Bisher schien es sicher, dass wir, die Babyboomer, die nach dem Krieg aus dem neuen Wohlstand hinaus in die Welt blinzelten wie Nietzsches „letzte Menschen“, dass wir die „Generation ohne Schicksal“ waren: keine Trümmer, kein Krieg, keine Bombenopfer, kein Hunger, keine Schuld.
Nun, zumindest wir Deutsche im Westen; die Schwestern und Brüder im Osten hatten, so die gemeine Lesart, als Opfer einer zweiten, nämlich der roten Diktatur, all das abzubüßen, was wir, die Deutschen, in der vorausgehenden braunen Diktatur an moralischer Schuld auf uns geladen und mit der militärischen Niederlage zurückzuzahlen hatten.

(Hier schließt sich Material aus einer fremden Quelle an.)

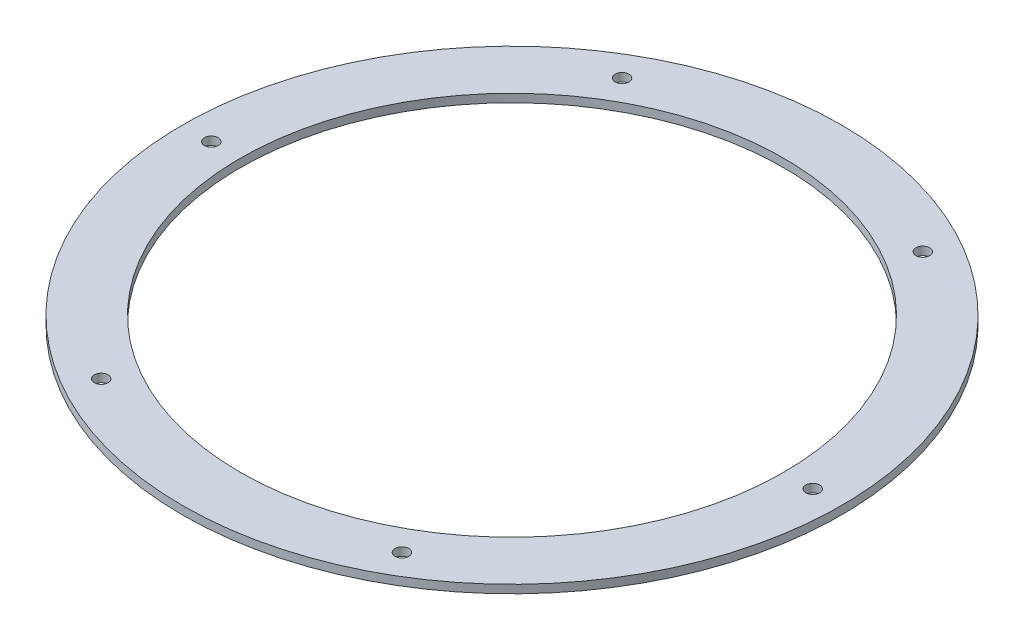
SolidWorks part; units mm, degrees
ref_plane "Front Plane" through (0, 0, 0) normal (0, 0, 1) x (1, 0, 0)
ref_plane "Top Plane" through (0, 0, 0) normal (0, 1, 0) x (1, 0, 0)
ref_plane "Right Plane" through (0, 0, 0) normal (1, 0, 0) x (0, 0, -1)
sketch "Sketch1" plane through (0, 0, 0) normal (0, 1, 0) x (1, 0, 0)
  line L0 (-120, 0) -> (-99, 0) construction
  circle A0 centre (0, 0) radius 99
  circle A1 centre (0, 0) radius 120
  circle A2 centre (-109.5, 0) radius 2.5
  circle A3 centre (-54.75, 94.8298) radius 2.5
  circle A4 centre (54.75, 94.8298) radius 2.5
  circle A5 centre (109.5, 0) radius 2.5
  circle A6 centre (54.75, -94.8298) radius 2.5
  circle A7 centre (-54.75, -94.8298) radius 2.5
  point P21 (0, 0)
  dimension "D1" = 198
  dimension "D2" = 240
  dimension "D3" = 5
  dimension "D4" = 6
extrude "Boss-Extrude1" add sketch "Sketch1" along normal blind 3

Nun aber scheint sich doch so etwas wie ein kollektives Schicksal vor uns aufzutürmen; da ist die heimtückische Seuche, da ist eine entkoppelte Politik mit Notstandsverordnungen, ein aufgetürmter Schuldenberg, der noch die kommenden Generationen wie eine Sisyphos-Last niederdrücken wird, dazu europaweit eine neue Spaltung in Ost und West, und Nord und Süd, in links und rechts sowieso, dazu in Alt und Jung und was die Bürgerkriegsszenarien sonst noch hergeben.
Man darf die Geschichte dieser Margo, die eigentlich Margarete Hegewald heißt, durchaus als Emanzipationsgeschichte lesen, wenn man darunter kein ideologisches Konzept, sondern eine ungewöhnlich leidenschaftliche lebensgeschichtliche Befreiung versteht. Diese Margo ist willensstark und witzig.
Wir treffen sie in den 1920er-Jahren, wo sie die Schule schmeißt, um in einem Fotogeschäft zu arbeiten, dort auf eine Fotografin trifft, sich in den gleichen schmucken, Klavier spielenden Mann verliebt, Flucht und Hunger und Verlust ihres Neugeborenen übersteht, während die andere, Helene Pinkus, das KZ-Bordell von Buchenwald überlebt und sich nach dem Krieg im „antifaschistischen Teil“ Deutschlands der guten Sache der Weltrevolution verschreibt und „Kundschafterin“ wird.
Kein Mangel an Schicksal
Wir erleben den Nachkrieg, die Studentenrevolte, die Terroristen und die Fahndungshysterie und schließlich die Wende – und wir erleben sie genial erzählt von beiden Seiten.
Wir erleben unter anderem jenen lauten, aber ziemlich einnehmenden Journalisten im Palasthotel 1989, der sagt: Ideen interessieren mich nicht, mich interessieren diejenigen, die sie denken, die sind spannender als jede Ideologie.
Und Cora Stephan beweist, wie recht der Mann hatte. Und wie es sich für eine gute Krimi-Autorin gehört, sorgt sie dafür, dass die Welt, die moralisch aus dem Lot geraten ist, wieder in Ordnung gebracht wird. Dazu aber muss vorher geklärt werden, wer den Treuhandchef erschossen hat – die RAF war es nicht –, und vor allem, wohin das dem Volk geklaute sogenannte „Parteivermögen“ der SED unter ihren diversen politischen Nachfolgebriefkästen verschwunden ist. Die Auflösung: ein prächtiges Überraschungsei!
Mit ihren beiden „Margo“-Romanen ist Cora Stephan ein Pageturner gelungen, der überraschend, fesselnd, klug und enorm unterhaltsam ist. Wenn der Verlag Kiepenheuer & Witsch klug wäre, würde er beide Romane in einem Geschenkschuber in edelster Ausstattung präsentieren, denn sie beweisen, dass wir Deutsche in allen Generationen uns über eines nicht beklagen können: über einen Mangel an Schicksal. Ein Stoff, der ähnlich wie „Babylon Berlin“ TV- oder Kinoproduzenten nicht kaltlassen dürfte.